A Washington federal appeals court will decide whether an animal rights group has standing to challenge the alleged mistreatment of Asian elephants by handlers at Ringling Bros. and Barnum & Bailey Circus.
After a six-week bench trial in 2009, Judge Emmet Sullivan of U.S. District Court for the District of Columbia said the non-profit advocacy group Animal Protection Institute and a former circus elephant handler do not have standing to pursue the abuse claims.
Sullivan in December 2009 ruled in favor of Feld Entertainment, Inc., which produces the Ringling Bros. circus. The judge did not rule on the substance of the abuse allegations.
The API, represented by Sidley Austin partner Carter Phillips, today asked the U.S. Court of Appeals for the D.C. Circuit to reverse Sullivan’s decision.
In the appeals court, Phillips, who manages the firm’s Washington office, argued the animal rights group has spent significant resources in its effort to “uncover and combat” alleged mistreatment of Asian elephants in the Ringling Bros. circus.
But for the alleged mistreatment of the elephants, Phillips argued, the Animal Protection Institute would dedicate funds to other causes.
Arguing before D.C. Circuit judges Merrick Garland, David Tatel and Janice Rogers Brown, Phillips tried to convince the panel that Feld Entertainment’s action has harmed the Animal Protection Institute and that the group therefore has standing to challenge the circus’ practices.
Brown expressed some concern about opening the door in providing standing to everybody who advocates against a particular cause or issue. Phillips said API spends money specifically to fight the alleged abuse of Asian elephants in the Ringling Bros. circus.
The suit, originally filed in 2000 in U.S. District Court for the District of Columbia, seeks to stop chaining and “bullhooking” of Asian elephants.
In court papers, animal rights groups said Feld Entertainment’s Asian elephants are chained for more than 12 hours a day and for longer periods in transport in railcars to performance venues.
The plaintiffs also said the elephants are “hit and hooked repeatedly with the bullhook, which resembles a fireplace poker.”
Phillips said in a brief that Feld Entertainment’s alleged mistreatment of the Asian elephants harms API’s educational outreach because the circus is “contributing to the public misimpression, particularly in young children, that bullhooks and chains are lawful and humane practices that do not harm, wound, harass, or injure the elephants.”
Elephants cannot be handled by a leash or bridle because of their size and strength, the circus’ attorneys at Fulbright & Jaworski said in court papers in the D.C. Circuit. Fulbright partner John Simpson argued for Feld Entertainment in the D.C. Circuit.
A properly used bullhook—a point and hook on a fiberglass or wood shaft—does not harm an elephant, the circus’ lawyers said. “Without a guide, a traveling circus could not safely present elephants,” the attorneys said.

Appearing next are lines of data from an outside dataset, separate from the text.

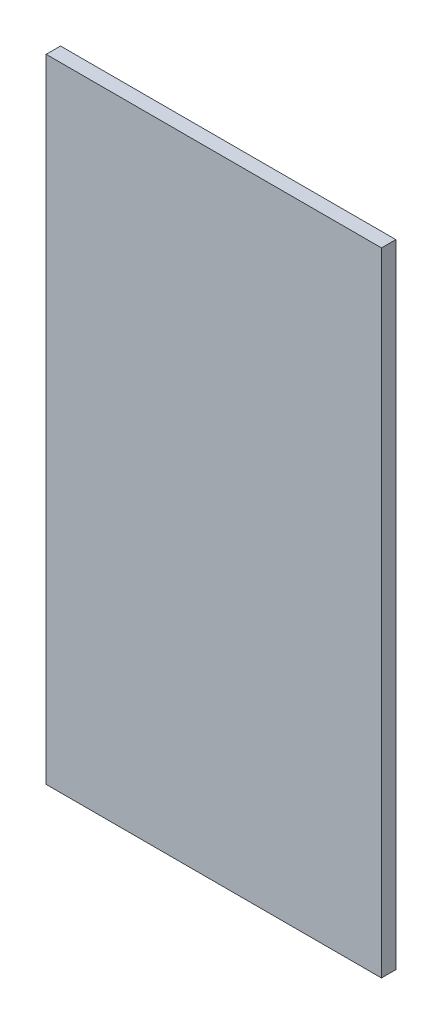
from build123d import *

# Parameters (mm, degrees)
SKETCH1_W           = 420
SKETCH1_H           = 792
BOSS_EXTRUDE1_DEPTH = 18


with BuildPart() as part:
    # Sketch1 → Boss-Extrude1 (new body)
    with BuildSketch(Plane.XY):
        with Locations((210, 396)):
            Rectangle(SKETCH1_W, SKETCH1_H)
    extrude(amount=BOSS_EXTRUDE1_DEPTH)


solid = part.part
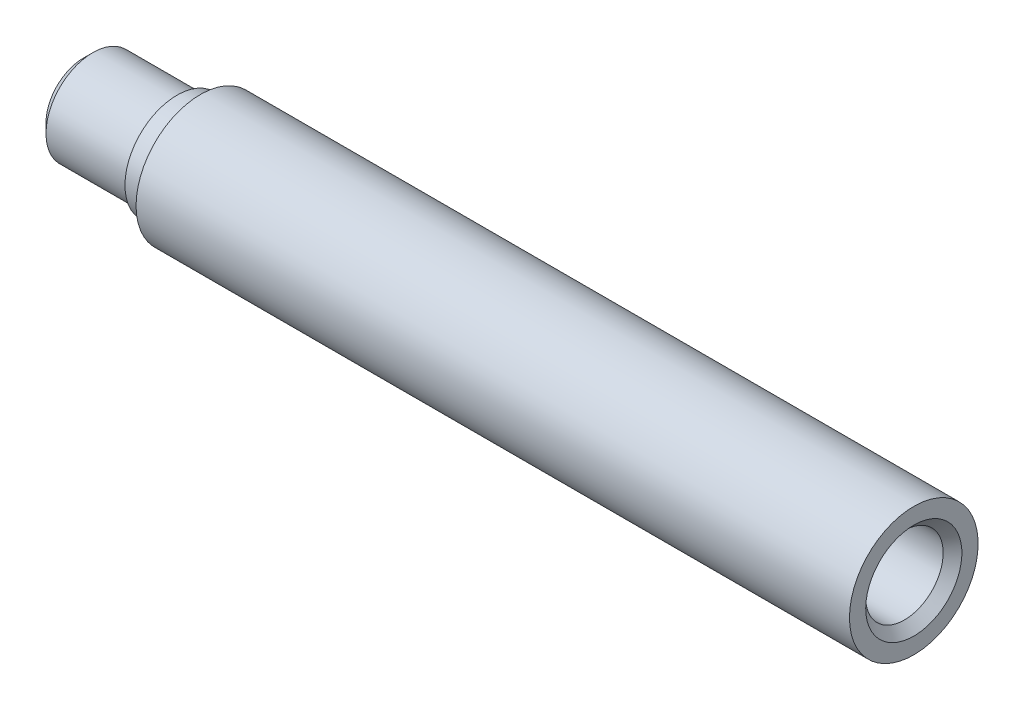
from build123d import *


with BuildPart() as part:
    # Sketch1 → Revolve1 (revolve)
    with BuildSketch(Plane(origin=(0, 0, 0), x_dir=(-1, 0, 0), z_dir=(0, 0, -1)), mode=Mode.PRIVATE) as revolve1_sk:
        Polygon((-19, 3.311374294), (-17.010325592, 0), (36, 0), (36, 3.2), (35.2, 4), (28, 4), (28, 4.45), (26, 4.45), (26, 5.5), (-35, 5.5), (-35, 4.111374294), (-34.2, 3.311374294), align=None)
    revolve(revolve1_sk.sketch.rotate(Axis((35, 0, 0), (-1, 0, 0)), 270), axis=Axis((35, 0, 0), (-1, 0, 0)))


solid = part.part

The defendant’s lawyers said 95% of U.S. elephant-keeping institutions use “tethering” to manage captive elephants. The circus’ lawyers said tethering during rail transportation is for the safety of the elephants.
The circus’ attorneys said trial examples of alleged mistreatment were “contested and apocryphal.”
“Any marks on animals were superficial and no different than what elephants inflict upon themselves while playing or scratching with branches or on bushes,” the defendant’s lawyers said in a brief in the appeals court.
A public interest agency cannot “manufacture standing to challenge any practice it opposes merely by expending resources to oppose that practice,” the circus’ lawyers said.
In court, Simpson said today any person can spend money on a bumper sticker and then turn around and sue the target of the sticker. “That’s essentially where this would lead,” Simpson told the panel judges.
The appeals court did not immediately rule.